(Stored entries)

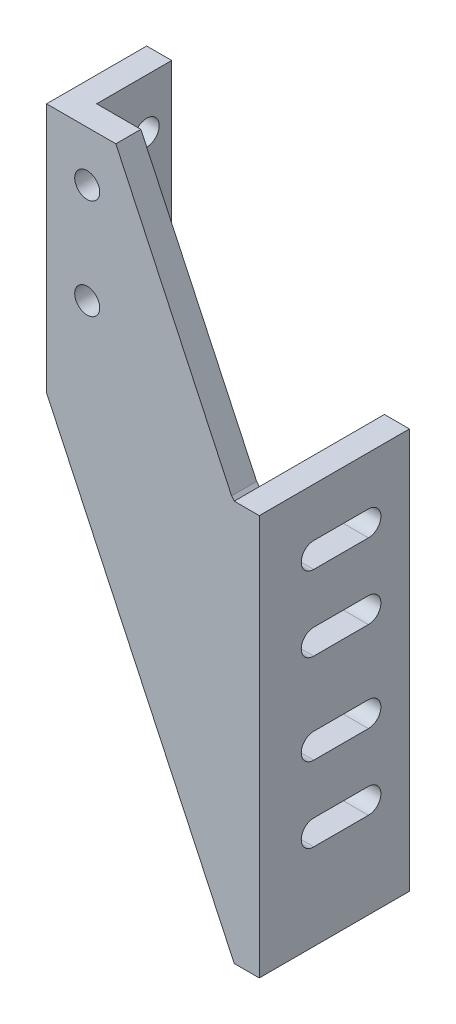
SolidWorks part; units mm, degrees
material "AISI 1018 Steel, Cold Rolled"
ref_plane "Front" through (0, 0, 0) normal (0, 0, 1) x (1, 0, 0)
ref_plane "Top" through (0, 0, 0) normal (0, 1, 0) x (1, 0, 0)
ref_plane "Right" through (0, 0, 0) normal (1, 0, 0) x (0, 0, -1)
sketch "Sketch1" plane through (0, 0, 0) normal (0, 0, 1) x (1, 0, 0)
  line L0 (1.3446, -204.8604) -> (1.3446, -1.6604)
  line L1 (-12.7, 0) -> (-71.4438, 125.3476)
  line L2 (-71.4438, 125.3476) -> (-106.5883, 125.3476)
  line L3 (-106.5883, 125.3476) -> (-106.5883, -1.6524)
  line L4 (-11.3554, -204.8604) -> (1.3446, -204.8604)
  line L5 (1.3446, -1.6604) -> (-11.3554, -1.6604)
  line L6 (-11.3554, -1.6604) -> (-12.7, 0)
  line L8 (-106.5883, -1.6524) -> (-11.3554, -204.8604)
extrude "Extrude1" add sketch "Sketch1" along normal blind 12.7
sketch "Sketch2" plane through (0, 0, 0) normal (0, 0, 1) x (1, 0, 0)
  line L1 (-106.5883, 125.3476) -> (-93.8883, 125.3476)
  line L2 (-106.5883, 125.3476) -> (-106.5883, -1.6524)
  line L3 (-106.5883, -1.6524) -> (-93.8883, -1.6524)
  line L4 (-93.8883, 125.3476) -> (-93.8883, -1.6524)
  dimension "D1" = 127
  dimension "D2" = 12.7
extrude "Extrude2" add sketch "Sketch2" against normal blind 38.1
sketch "Sketch3" plane through (0, 0, 0) normal (0, 0, 1) x (1, 0, 0)
  line L1 (1.3446, -204.8604) -> (-11.3554, -204.8604)
  line L2 (1.3446, -204.8604) -> (1.3446, -1.6604)
  line L3 (1.3446, -1.6604) -> (-11.3554, -1.6604)
  line L4 (-11.3554, -204.8604) -> (-11.3554, -1.6604)
extrude "Extrude3" add sketch "Sketch3" against normal blind 63.5
hole_wizard "1/2-20 Tapped Hole1" positions "3DSketch1" profile "Sketch4" tap size "1/2-20" standard "Ansi Inch" end condition through all
sketch3d "3DSketch1"
  line L0 (-106.5883, 125.3476, -38.1) -> (-106.5883, 125.3476, 12.7) construction
  line L4 (-106.5883, 125.3476, 12.7) -> (-106.5883, -1.6524, 12.7) construction
  point P0 (-106.5883, 99.9476, -25.4)
  dimension "D1" = 25.4
  dimension "D2" = 38.1
sketch "Sketch4" plane through (-106.5883, 99.9476, -25.4) normal (0, 1, 0) x (0, 0, 1)
  line L0 (0, 0) -> (0, 107.9329)
  line L1 (0, 107.9329) -> (6.35, 107.9329)
  line L2 (6.35, 107.9329) -> (6.35, 0)
  line L5 (6.35, 0) -> (0, 0)
  line L11 (0, -6.35) -> (0, 107.95) construction
  dimension "Thread Major Dia." = 12.7
  dimension "Thru Tap Drill Depth" = 107.9329
hole_wizard "1/2-20 Tapped Hole2" positions "3DSketch2" profile "Sketch5" tap size "1/2-20" standard "Ansi Inch" end condition through all
sketch3d "3DSketch2"
  line L0 (-71.4438, 125.3476, 0) -> (-93.8883, 125.3476, 0) construction
  line L1 (-106.5883, 125.3476, 0) -> (-106.5883, -1.6524, 0) construction
  point P0 (-85.9635, 99.9476, 0)
  point P1 (-85.9635, 49.1476, 0)
  dimension "D1" = 25.4
  dimension "D2" = 20.6248
  dimension "D3" = 20.6248
  dimension "D4" = 50.8
sketch "Sketch5" plane through (-85.9635, 99.9476, 0) normal (1, 0, 0) x (0, 1, 0)
  line L0 (0, 0) -> (0, 12.7)
  line L1 (0, 12.7) -> (6.35, 12.7)
  line L2 (6.35, 12.7) -> (6.35, 0)
  line L5 (6.35, 0) -> (0, 0)
  line L11 (0, -6.35) -> (0, 107.95) construction
  dimension "Thread Major Dia." = 12.7
  dimension "Thru Tap Drill Depth" = 12.7
sketch "Sketch6" plane through (1.3446, 0, 0) normal (1, 0, 0) x (0, 0, -1)
  line L1 (14.9451, -26.4254) -> (42.672, -26.4254)
  line L2 (63.5, -1.6604) -> (-12.7, -1.6604) construction
  line L3 (42.672, -39.1254) -> (14.9451, -39.1254)
  line L4 (14.9451, -64.5254) -> (42.672, -64.5254)
  line L5 (14.9451, -110.2454) -> (42.672, -110.2454)
  line L6 (42.672, -77.2254) -> (14.9451, -77.2254)
  line L7 (42.672, -122.9454) -> (14.9451, -122.9454)
  line L8 (14.9451, -148.3454) -> (42.672, -148.3454)
  line L9 (42.672, -161.0454) -> (14.9451, -161.0454)
  line L10 (14.9451, -32.7754) -> (14.9451, -70.8754) construction
  line L11 (14.9451, -70.8754) -> (14.9451, -116.5954) construction
  line L12 (14.9451, -116.5954) -> (14.9451, -154.6954) construction
  line L13 (42.672, -154.6954) -> (42.672, -116.5954) construction
  line L14 (42.672, -116.5954) -> (42.672, -70.8754) construction
  line L15 (42.672, -70.8754) -> (42.672, -32.7754) construction
  line L16 (14.9451, -32.7754) -> (42.672, -32.7754) construction
  line L17 (14.9451, -70.8754) -> (42.672, -70.8754) construction
  line L18 (14.9451, -116.5954) -> (42.672, -116.5954) construction
  line L19 (14.9451, -154.6954) -> (42.672, -154.6954) construction
  line L20 (-12.7, -204.8604) -> (-12.7, -1.6604) construction
  arc A0 (14.9451, -64.5254) -> (14.9451, -77.2254) centre (14.9451, -70.8754) ccw
  arc A1 (42.672, -77.2254) -> (42.672, -64.5254) centre (42.672, -70.8754) ccw
  arc A2 (14.9451, -26.4254) -> (14.9451, -39.1254) centre (14.9451, -32.7754) ccw
  arc A3 (42.672, -39.1254) -> (42.672, -26.4254) centre (42.672, -32.7754) ccw
  arc A4 (14.9451, -148.3454) -> (14.9451, -161.0454) centre (14.9451, -154.6954) ccw
  arc A5 (42.672, -161.0454) -> (42.672, -148.3454) centre (42.672, -154.6954) ccw
  arc A6 (14.9451, -110.2454) -> (14.9451, -122.9454) centre (14.9451, -116.5954) ccw
  arc A7 (42.672, -122.9454) -> (42.672, -110.2454) centre (42.672, -116.5954) ccw
  dimension "D1" = 55.372
  dimension "D2" = 69.215
  dimension "D5" = 6.35
  dimension "D9" = 6.35
  dimension "D3" = 27.7269
  dimension "D6" = 38.1
  dimension "D7" = 45.72
  dimension "D8" = 2
  dimension "D4" = 2
extrude "Cut-Extrude1" cut sketch "Sketch6" against normal up to next

To do - Wherever a picture appears, omit it; copy the rest of the data exactly.

Task solution -
SolidWorks part; units mm, degrees
material "AISI 1018 Steel, Cold Rolled"
ref_plane "Front" through (0, 0, 0) normal (0, 0, 1) x (1, 0, 0)
ref_plane "Top" through (0, 0, 0) normal (0, 1, 0) x (1, 0, 0)
ref_plane "Right" through (0, 0, 0) normal (1, 0, 0) x (0, 0, -1)
sketch "Sketch1" plane through (0, 0, 0) normal (0, 0, 1) x (1, 0, 0)
  line L0 (1.3446, -204.8604) -> (1.3446, -1.6604)
  line L1 (-12.7, 0) -> (-71.4438, 125.3476)
  line L2 (-71.4438, 125.3476) -> (-106.5883, 125.3476)
  line L3 (-106.5883, 125.3476) -> (-106.5883, -1.6524)
  line L4 (-11.3554, -204.8604) -> (1.3446, -204.8604)
  line L5 (1.3446, -1.6604) -> (-11.3554, -1.6604)
  line L6 (-11.3554, -1.6604) -> (-12.7, 0)
  line L8 (-106.5883, -1.6524) -> (-11.3554, -204.8604)
extrude "Extrude1" add sketch "Sketch1" along normal blind 12.7
sketch "Sketch2" plane through (0, 0, 0) normal (0, 0, 1) x (1, 0, 0)
  line L1 (-106.5883, 125.3476) -> (-93.8883, 125.3476)
  line L2 (-106.5883, 125.3476) -> (-106.5883, -1.6524)
  line L3 (-106.5883, -1.6524) -> (-93.8883, -1.6524)
  line L4 (-93.8883, 125.3476) -> (-93.8883, -1.6524)
  dimension "D1" = 127
  dimension "D2" = 12.7
extrude "Extrude2" add sketch "Sketch2" against normal blind 38.1
sketch "Sketch3" plane through (0, 0, 0) normal (0, 0, 1) x (1, 0, 0)
  line L1 (1.3446, -204.8604) -> (-11.3554, -204.8604)
  line L2 (1.3446, -204.8604) -> (1.3446, -1.6604)
  line L3 (1.3446, -1.6604) -> (-11.3554, -1.6604)
  line L4 (-11.3554, -204.8604) -> (-11.3554, -1.6604)
extrude "Extrude3" add sketch "Sketch3" against normal blind 63.5
hole_wizard "1/2-20 Tapped Hole1" positions "3DSketch1" profile "Sketch4" tap size "1/2-20" standard "Ansi Inch" end condition through all
sketch3d "3DSketch1"
  line L0 (-106.5883, 125.3476, -38.1) -> (-106.5883, 125.3476, 12.7) construction
  line L4 (-106.5883, 125.3476, 12.7) -> (-106.5883, -1.6524, 12.7) construction
  point P0 (-106.5883, 99.9476, -25.4)
  dimension "D1" = 25.4
  dimension "D2" = 38.1
sketch "Sketch4" plane through (-106.5883, 99.9476, -25.4) normal (0, 1, 0) x (0, 0, 1)
  line L0 (0, 0) -> (0, 107.9329)
  line L1 (0, 107.9329) -> (6.35, 107.9329)
  line L2 (6.35, 107.9329) -> (6.35, 0)
  line L5 (6.35, 0) -> (0, 0)
  line L11 (0, -6.35) -> (0, 107.95) construction
  dimension "Thread Major Dia." = 12.7
  dimension "Thru Tap Drill Depth" = 107.9329
hole_wizard "1/2-20 Tapped Hole2" positions "3DSketch2" profile "Sketch5" tap size "1/2-20" standard "Ansi Inch" end condition through all
sketch3d "3DSketch2"
  line L0 (-71.4438, 125.3476, 0) -> (-93.8883, 125.3476, 0) construction
  line L1 (-106.5883, 125.3476, 0) -> (-106.5883, -1.6524, 0) construction
  point P0 (-85.9635, 99.9476, 0)
  point P1 (-85.9635, 49.1476, 0)
  dimension "D1" = 25.4
  dimension "D2" = 20.6248
  dimension "D3" = 20.6248
  dimension "D4" = 50.8
sketch "Sketch5" plane through (-85.9635, 99.9476, 0) normal (1, 0, 0) x (0, 1, 0)
  line L0 (0, 0) -> (0, 12.7)
  line L1 (0, 12.7) -> (6.35, 12.7)
  line L2 (6.35, 12.7) -> (6.35, 0)
  line L5 (6.35, 0) -> (0, 0)
  line L11 (0, -6.35) -> (0, 107.95) construction
  dimension "Thread Major Dia." = 12.7
  dimension "Thru Tap Drill Depth" = 12.7
sketch "Sketch6" plane through (1.3446, 0, 0) normal (1, 0, 0) x (0, 0, -1)
  line L1 (14.9451, -26.4254) -> (42.672, -26.4254)
  line L2 (63.5, -1.6604) -> (-12.7, -1.6604) construction
  line L3 (42.672, -39.1254) -> (14.9451, -39.1254)
  line L4 (14.9451, -64.5254) -> (42.672, -64.5254)
  line L5 (14.9451, -110.2454) -> (42.672, -110.2454)
  line L6 (42.672, -77.2254) -> (14.9451, -77.2254)
  line L7 (42.672, -122.9454) -> (14.9451, -122.9454)
  line L8 (14.9451, -148.3454) -> (42.672, -148.3454)
  line L9 (42.672, -161.0454) -> (14.9451, -161.0454)
  line L10 (14.9451, -32.7754) -> (14.9451, -70.8754) construction
  line L11 (14.9451, -70.8754) -> (14.9451, -116.5954) construction
  line L12 (14.9451, -116.5954) -> (14.9451, -154.6954) construction
  line L13 (42.672, -154.6954) -> (42.672, -116.5954) construction
  line L14 (42.672, -116.5954) -> (42.672, -70.8754) construction
  line L15 (42.672, -70.8754) -> (42.672, -32.7754) construction
  line L16 (14.9451, -32.7754) -> (42.672, -32.7754) construction
  line L17 (14.9451, -70.8754) -> (42.672, -70.8754) construction
  line L18 (14.9451, -116.5954) -> (42.672, -116.5954) construction
  line L19 (14.9451, -154.6954) -> (42.672, -154.6954) construction
  line L20 (-12.7, -204.8604) -> (-12.7, -1.6604) construction
  arc A0 (14.9451, -64.5254) -> (14.9451, -77.2254) centre (14.9451, -70.8754) ccw
  arc A1 (42.672, -77.2254) -> (42.672, -64.5254) centre (42.672, -70.8754) ccw
  arc A2 (14.9451, -26.4254) -> (14.9451, -39.1254) centre (14.9451, -32.7754) ccw
  arc A3 (42.672, -39.1254) -> (42.672, -26.4254) centre (42.672, -32.7754) ccw
  arc A4 (14.9451, -148.3454) -> (14.9451, -161.0454) centre (14.9451, -154.6954) ccw
  arc A5 (42.672, -161.0454) -> (42.672, -148.3454) centre (42.672, -154.6954) ccw
  arc A6 (14.9451, -110.2454) -> (14.9451, -122.9454) centre (14.9451, -116.5954) ccw
  arc A7 (42.672, -122.9454) -> (42.672, -110.2454) centre (42.672, -116.5954) ccw
  dimension "D1" = 55.372
  dimension "D2" = 69.215
  dimension "D5" = 6.35
  dimension "D9" = 6.35
  dimension "D3" = 27.7269
  dimension "D6" = 38.1
  dimension "D7" = 45.72
  dimension "D8" = 2
  dimension "D4" = 2
extrude "Cut-Extrude1" cut sketch "Sketch6" against normal up to next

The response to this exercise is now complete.